**Exercise aim**
Please copy out all lines of the entries that contain the word "drawing".

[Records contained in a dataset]
══════

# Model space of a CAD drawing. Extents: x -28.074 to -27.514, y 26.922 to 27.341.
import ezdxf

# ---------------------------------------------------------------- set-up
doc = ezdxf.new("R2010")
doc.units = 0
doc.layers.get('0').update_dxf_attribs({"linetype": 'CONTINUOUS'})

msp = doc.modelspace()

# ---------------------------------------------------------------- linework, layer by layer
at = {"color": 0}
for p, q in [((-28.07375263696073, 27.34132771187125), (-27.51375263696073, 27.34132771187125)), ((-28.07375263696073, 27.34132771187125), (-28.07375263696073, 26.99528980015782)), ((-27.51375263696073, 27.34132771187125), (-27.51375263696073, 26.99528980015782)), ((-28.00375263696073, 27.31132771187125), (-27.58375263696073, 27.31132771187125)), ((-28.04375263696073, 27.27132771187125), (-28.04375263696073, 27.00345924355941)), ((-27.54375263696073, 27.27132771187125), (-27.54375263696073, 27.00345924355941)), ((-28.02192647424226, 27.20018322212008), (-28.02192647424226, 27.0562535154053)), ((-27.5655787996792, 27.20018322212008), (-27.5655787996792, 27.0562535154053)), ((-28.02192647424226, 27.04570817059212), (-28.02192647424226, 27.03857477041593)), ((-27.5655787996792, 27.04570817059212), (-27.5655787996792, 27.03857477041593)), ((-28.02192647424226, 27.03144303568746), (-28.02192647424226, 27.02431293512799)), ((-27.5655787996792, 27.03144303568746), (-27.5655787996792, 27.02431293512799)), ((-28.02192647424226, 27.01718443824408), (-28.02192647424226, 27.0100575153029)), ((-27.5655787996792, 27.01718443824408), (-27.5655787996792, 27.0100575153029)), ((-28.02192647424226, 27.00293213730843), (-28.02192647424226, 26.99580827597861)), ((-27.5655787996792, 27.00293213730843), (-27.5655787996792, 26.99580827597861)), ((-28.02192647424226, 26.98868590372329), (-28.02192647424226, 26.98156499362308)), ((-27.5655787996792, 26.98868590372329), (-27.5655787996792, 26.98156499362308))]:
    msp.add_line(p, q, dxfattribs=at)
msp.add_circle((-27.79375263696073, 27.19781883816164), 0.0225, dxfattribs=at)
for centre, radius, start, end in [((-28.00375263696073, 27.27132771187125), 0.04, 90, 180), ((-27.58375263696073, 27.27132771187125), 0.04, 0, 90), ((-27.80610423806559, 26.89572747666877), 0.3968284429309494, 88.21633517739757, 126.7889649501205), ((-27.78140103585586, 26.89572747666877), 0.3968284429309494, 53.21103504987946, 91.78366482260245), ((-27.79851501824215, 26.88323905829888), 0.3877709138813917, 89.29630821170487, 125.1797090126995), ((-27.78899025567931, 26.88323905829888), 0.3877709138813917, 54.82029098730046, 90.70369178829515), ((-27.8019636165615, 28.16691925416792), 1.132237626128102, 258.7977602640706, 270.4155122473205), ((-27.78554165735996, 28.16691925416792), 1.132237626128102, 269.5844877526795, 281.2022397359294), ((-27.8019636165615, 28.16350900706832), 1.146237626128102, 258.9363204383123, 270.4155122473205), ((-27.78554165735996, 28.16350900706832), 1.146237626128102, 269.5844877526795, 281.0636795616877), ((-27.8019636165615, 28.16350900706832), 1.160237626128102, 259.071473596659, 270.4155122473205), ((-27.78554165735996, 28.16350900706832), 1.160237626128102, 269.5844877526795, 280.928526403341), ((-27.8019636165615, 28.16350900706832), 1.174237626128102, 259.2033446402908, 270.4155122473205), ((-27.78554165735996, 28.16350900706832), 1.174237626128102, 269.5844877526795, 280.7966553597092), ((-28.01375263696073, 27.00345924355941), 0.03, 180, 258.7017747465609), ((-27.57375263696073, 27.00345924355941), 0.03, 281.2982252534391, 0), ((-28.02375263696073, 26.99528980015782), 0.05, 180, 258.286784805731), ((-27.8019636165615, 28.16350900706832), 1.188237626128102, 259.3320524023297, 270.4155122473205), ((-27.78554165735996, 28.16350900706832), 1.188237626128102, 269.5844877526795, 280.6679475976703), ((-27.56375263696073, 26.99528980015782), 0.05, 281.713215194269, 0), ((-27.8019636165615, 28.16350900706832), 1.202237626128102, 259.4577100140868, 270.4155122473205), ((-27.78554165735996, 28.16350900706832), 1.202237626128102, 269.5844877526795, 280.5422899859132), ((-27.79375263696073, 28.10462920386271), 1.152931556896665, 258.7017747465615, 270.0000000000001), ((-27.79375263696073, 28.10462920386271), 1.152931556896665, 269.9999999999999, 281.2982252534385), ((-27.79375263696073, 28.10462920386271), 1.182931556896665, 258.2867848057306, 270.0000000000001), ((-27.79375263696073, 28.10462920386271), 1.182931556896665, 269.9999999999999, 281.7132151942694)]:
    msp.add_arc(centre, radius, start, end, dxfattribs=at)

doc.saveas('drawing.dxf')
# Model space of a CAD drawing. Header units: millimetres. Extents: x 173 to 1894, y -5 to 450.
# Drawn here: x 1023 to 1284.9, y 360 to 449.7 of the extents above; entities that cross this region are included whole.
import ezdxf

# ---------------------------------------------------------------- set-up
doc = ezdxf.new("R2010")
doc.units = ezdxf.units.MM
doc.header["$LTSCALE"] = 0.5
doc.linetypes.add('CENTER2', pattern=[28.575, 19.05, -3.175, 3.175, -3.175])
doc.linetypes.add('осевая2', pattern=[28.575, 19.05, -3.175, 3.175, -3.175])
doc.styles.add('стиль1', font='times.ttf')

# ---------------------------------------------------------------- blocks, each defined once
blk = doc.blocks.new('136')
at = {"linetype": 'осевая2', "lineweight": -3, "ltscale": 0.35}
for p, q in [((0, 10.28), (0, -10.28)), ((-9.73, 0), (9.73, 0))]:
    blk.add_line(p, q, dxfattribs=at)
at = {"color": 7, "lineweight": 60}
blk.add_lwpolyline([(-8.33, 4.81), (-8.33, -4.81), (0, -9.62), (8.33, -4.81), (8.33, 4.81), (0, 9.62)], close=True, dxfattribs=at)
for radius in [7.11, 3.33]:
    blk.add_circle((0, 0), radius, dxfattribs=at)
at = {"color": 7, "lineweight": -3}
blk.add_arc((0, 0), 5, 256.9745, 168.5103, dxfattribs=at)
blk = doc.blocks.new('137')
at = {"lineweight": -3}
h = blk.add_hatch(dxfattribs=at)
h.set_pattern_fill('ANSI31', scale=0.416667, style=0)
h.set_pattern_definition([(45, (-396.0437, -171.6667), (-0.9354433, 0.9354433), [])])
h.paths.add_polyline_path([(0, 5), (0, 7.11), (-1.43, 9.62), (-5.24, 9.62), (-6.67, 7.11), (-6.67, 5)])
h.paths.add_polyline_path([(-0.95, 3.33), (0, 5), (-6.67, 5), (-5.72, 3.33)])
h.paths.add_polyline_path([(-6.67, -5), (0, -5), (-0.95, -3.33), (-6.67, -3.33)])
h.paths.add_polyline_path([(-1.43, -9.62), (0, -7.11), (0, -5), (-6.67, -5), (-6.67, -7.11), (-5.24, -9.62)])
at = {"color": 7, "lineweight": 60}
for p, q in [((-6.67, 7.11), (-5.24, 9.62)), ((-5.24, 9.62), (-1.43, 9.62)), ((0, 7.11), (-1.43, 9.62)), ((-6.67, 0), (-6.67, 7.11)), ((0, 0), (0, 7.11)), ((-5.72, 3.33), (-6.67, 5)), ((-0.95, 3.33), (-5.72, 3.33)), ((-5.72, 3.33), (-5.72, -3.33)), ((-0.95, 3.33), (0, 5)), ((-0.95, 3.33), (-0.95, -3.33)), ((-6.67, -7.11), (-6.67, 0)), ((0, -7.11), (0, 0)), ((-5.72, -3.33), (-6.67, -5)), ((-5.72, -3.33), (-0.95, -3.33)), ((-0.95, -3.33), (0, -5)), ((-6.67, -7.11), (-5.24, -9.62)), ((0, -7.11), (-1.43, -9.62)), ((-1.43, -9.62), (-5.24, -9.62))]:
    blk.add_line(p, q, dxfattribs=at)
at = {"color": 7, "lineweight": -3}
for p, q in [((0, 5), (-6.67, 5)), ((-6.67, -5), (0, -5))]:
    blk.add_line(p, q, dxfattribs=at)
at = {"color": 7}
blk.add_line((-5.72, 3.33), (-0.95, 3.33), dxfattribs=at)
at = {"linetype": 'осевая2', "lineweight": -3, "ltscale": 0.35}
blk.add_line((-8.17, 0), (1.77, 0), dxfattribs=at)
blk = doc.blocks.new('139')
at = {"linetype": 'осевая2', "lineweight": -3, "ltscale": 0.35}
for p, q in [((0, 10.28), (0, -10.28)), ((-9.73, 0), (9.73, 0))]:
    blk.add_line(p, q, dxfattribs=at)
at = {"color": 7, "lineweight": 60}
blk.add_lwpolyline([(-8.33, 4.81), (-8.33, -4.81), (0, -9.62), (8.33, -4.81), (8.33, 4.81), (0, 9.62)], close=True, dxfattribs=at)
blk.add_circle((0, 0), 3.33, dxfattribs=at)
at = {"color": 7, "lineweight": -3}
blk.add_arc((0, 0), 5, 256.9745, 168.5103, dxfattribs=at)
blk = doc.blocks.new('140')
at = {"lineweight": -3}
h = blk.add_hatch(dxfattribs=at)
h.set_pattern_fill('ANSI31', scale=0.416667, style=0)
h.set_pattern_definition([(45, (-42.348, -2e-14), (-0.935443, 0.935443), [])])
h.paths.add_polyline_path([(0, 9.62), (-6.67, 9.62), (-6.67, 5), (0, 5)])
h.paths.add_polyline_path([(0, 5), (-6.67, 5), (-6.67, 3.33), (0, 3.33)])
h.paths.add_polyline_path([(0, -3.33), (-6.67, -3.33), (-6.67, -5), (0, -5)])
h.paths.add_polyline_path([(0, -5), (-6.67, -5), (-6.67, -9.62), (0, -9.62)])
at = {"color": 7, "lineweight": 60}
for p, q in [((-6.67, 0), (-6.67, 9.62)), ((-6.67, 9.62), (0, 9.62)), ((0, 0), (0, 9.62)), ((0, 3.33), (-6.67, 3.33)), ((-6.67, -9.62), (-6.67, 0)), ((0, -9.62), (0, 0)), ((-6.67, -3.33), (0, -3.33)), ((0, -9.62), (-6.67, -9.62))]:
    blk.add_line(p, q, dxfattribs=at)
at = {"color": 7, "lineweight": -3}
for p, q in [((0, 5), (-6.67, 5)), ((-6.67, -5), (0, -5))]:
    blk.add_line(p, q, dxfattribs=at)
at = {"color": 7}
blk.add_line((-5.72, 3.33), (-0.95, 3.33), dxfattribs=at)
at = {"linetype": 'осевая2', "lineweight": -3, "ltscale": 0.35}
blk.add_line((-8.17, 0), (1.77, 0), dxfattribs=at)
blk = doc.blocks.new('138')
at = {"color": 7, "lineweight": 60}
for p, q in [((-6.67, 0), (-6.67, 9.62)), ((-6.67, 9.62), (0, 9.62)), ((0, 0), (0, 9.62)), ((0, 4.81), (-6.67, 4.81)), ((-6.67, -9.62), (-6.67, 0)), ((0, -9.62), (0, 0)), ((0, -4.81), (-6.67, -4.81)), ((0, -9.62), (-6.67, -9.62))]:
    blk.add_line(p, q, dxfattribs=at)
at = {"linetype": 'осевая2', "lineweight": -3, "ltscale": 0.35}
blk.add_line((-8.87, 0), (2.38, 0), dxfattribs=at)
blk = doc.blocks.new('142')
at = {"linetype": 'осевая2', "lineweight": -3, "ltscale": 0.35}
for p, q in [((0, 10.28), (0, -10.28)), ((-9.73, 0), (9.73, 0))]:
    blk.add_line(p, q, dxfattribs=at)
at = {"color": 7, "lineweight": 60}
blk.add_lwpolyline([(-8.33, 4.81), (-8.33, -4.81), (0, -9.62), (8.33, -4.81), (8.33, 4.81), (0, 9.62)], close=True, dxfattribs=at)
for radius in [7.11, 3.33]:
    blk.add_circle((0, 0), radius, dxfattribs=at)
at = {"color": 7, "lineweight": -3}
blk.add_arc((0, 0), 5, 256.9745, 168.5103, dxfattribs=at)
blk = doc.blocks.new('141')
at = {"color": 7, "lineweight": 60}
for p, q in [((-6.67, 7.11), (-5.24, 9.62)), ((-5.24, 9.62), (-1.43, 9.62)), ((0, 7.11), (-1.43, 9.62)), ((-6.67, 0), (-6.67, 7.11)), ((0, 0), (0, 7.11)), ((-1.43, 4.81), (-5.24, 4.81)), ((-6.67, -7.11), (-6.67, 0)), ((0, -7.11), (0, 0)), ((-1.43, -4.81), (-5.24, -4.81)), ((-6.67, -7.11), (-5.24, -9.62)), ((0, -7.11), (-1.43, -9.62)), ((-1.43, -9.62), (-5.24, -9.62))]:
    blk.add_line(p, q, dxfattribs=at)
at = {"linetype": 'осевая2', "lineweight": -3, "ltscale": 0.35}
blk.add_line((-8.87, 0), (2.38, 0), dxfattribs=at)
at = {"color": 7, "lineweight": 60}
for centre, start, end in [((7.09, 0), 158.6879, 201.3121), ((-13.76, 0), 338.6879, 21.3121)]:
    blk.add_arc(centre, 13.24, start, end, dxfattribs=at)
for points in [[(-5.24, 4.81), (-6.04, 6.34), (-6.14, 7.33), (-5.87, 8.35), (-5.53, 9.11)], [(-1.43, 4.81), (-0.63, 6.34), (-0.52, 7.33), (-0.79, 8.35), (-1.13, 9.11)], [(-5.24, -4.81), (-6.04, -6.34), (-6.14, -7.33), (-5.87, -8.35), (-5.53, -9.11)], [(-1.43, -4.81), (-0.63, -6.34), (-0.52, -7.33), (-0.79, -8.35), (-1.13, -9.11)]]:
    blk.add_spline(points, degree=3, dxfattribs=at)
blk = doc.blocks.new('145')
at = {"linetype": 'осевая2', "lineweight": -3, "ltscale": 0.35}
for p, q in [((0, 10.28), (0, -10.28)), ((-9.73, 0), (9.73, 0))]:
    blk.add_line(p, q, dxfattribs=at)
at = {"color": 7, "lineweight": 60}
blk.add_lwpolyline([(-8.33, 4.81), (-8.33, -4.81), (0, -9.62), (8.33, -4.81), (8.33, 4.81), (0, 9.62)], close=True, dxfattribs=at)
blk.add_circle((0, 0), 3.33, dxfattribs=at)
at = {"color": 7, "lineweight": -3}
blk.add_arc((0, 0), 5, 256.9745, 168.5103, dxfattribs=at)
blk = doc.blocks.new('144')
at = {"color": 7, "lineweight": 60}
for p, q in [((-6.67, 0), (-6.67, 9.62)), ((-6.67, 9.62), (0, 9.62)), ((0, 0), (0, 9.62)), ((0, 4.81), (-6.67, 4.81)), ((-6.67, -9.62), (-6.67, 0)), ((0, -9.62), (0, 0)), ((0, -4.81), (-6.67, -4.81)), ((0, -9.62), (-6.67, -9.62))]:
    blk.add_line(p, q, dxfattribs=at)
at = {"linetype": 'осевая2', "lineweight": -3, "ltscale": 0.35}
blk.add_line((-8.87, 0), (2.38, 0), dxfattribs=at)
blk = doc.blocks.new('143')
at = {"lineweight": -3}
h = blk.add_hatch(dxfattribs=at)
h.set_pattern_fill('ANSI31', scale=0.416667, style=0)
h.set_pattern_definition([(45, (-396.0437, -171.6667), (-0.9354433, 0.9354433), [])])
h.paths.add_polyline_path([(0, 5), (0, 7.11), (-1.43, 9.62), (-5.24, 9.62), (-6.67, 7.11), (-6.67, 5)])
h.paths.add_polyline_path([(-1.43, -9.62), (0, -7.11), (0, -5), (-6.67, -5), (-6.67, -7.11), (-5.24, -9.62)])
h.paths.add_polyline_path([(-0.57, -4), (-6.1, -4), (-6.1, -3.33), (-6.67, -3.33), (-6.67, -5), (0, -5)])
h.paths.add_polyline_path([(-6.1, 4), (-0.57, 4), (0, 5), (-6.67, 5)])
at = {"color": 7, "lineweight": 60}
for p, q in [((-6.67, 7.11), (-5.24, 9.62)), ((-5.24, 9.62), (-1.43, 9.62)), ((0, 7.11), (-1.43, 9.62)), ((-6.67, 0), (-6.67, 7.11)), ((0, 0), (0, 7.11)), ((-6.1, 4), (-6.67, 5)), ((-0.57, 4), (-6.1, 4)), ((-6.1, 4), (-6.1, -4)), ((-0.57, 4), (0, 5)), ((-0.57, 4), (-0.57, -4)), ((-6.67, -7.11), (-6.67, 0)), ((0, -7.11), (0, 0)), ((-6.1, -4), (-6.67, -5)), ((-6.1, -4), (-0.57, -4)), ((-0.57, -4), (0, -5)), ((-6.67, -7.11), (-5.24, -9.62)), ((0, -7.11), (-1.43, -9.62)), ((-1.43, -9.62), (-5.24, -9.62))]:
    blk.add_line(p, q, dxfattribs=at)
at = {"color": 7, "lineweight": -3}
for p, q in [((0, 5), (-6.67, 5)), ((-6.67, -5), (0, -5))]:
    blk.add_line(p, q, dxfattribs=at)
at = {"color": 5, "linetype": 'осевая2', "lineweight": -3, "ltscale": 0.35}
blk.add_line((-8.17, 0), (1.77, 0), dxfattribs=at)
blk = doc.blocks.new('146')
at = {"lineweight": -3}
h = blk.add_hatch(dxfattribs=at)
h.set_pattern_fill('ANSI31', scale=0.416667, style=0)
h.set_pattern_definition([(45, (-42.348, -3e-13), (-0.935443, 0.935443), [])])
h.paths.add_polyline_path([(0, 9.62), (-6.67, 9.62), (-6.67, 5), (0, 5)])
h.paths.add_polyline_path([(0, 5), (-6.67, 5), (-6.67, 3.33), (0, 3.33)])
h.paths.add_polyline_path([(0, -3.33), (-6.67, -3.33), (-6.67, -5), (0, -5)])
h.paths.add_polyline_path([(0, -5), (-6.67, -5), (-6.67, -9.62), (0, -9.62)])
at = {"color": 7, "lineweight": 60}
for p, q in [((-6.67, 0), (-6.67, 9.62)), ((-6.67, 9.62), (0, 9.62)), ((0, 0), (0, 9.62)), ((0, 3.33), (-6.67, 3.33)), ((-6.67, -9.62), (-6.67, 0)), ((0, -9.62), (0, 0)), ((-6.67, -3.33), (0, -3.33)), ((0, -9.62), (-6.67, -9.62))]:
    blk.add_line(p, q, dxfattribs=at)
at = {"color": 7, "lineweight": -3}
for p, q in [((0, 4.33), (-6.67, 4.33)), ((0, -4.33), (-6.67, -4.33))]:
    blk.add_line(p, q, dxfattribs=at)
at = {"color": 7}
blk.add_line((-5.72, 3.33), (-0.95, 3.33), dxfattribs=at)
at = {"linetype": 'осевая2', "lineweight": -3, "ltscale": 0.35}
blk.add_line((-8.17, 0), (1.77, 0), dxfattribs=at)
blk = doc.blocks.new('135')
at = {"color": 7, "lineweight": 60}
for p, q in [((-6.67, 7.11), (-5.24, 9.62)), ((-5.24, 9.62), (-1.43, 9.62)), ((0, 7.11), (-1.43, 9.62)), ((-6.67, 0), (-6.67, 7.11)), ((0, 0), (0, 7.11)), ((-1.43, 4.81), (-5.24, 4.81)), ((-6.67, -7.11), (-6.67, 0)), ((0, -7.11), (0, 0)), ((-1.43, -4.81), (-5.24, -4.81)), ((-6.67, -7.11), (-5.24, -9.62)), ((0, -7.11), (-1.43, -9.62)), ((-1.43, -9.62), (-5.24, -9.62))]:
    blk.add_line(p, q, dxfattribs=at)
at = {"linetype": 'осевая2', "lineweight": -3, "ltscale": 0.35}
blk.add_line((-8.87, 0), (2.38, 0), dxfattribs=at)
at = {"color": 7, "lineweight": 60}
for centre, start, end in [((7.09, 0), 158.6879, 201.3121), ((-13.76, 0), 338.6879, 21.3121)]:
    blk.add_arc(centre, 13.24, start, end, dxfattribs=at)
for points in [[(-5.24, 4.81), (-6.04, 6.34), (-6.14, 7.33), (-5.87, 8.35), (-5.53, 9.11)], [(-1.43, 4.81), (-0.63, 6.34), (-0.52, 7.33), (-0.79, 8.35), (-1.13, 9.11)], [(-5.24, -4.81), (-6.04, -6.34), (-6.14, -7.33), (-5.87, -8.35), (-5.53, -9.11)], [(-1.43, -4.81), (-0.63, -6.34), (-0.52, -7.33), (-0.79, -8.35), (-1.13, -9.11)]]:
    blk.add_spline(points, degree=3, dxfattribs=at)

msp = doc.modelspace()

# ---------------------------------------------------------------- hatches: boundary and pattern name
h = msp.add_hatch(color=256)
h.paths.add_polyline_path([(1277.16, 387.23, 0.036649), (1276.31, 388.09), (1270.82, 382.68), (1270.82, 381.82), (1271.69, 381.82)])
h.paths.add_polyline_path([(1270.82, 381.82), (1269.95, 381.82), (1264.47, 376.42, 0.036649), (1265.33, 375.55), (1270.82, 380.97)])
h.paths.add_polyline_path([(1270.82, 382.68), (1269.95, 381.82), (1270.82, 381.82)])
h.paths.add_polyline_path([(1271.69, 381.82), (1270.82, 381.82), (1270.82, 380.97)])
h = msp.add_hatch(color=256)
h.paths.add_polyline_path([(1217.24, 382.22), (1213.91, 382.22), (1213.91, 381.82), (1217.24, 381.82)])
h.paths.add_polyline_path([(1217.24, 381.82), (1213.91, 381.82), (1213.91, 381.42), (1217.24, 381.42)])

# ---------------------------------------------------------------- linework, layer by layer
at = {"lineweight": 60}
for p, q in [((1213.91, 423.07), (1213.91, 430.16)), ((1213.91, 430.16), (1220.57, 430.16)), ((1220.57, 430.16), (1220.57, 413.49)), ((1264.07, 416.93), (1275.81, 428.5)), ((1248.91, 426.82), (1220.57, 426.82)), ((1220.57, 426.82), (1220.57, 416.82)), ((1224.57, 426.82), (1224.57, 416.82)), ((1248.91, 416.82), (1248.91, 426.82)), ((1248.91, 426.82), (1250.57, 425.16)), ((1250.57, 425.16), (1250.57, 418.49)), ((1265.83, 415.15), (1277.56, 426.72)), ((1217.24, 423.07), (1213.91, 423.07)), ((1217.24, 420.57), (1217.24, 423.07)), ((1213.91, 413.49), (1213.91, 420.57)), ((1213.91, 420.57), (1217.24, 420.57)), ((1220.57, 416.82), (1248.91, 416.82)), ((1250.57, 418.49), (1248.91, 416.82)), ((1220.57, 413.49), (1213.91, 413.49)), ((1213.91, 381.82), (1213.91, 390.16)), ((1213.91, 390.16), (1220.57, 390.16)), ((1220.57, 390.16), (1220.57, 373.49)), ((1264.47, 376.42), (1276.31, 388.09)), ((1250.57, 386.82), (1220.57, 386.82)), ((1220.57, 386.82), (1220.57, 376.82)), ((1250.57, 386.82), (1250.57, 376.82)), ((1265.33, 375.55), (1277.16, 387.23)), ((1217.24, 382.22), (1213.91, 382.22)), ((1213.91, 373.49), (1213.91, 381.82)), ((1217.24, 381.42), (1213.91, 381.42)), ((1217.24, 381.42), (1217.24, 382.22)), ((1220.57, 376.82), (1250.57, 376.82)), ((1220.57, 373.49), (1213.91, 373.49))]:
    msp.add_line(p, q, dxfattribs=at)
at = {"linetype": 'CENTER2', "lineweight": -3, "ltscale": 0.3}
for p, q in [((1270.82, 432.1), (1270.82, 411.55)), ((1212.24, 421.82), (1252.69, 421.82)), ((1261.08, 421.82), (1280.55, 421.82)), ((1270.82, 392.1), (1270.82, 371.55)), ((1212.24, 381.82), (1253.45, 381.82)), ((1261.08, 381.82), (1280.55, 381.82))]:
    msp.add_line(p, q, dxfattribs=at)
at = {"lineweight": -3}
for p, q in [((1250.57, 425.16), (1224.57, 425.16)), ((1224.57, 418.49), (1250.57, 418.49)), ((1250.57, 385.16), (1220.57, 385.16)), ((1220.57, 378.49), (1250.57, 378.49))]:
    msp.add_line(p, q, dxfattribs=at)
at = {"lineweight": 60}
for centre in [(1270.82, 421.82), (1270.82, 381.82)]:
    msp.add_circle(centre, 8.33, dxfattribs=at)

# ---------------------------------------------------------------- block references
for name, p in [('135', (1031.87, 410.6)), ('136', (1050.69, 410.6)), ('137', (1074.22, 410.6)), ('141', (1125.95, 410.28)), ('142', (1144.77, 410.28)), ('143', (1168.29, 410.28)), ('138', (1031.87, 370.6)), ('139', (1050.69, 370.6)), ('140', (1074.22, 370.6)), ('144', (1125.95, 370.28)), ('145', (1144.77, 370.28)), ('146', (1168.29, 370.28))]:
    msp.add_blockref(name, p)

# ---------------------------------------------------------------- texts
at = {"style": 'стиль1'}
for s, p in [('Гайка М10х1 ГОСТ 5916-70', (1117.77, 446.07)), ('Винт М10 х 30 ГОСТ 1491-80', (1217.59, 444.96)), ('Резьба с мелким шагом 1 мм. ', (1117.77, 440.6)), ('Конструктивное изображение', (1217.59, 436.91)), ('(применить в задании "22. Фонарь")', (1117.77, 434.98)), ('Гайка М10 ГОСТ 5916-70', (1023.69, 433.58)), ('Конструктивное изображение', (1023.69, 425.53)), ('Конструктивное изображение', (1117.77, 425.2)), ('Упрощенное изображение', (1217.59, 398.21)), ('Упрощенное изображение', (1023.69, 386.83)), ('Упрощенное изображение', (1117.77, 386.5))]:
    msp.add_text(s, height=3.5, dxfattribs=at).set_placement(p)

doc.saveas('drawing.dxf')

══════

**Solved exercise**
# Model space of a CAD drawing. Extents: x -28.074 to -27.514, y 26.922 to 27.341.
doc.saveas('drawing.dxf')
# Model space of a CAD drawing. Header units: millimetres. Extents: x 173 to 1894, y -5 to 450.
doc.saveas('drawing.dxf')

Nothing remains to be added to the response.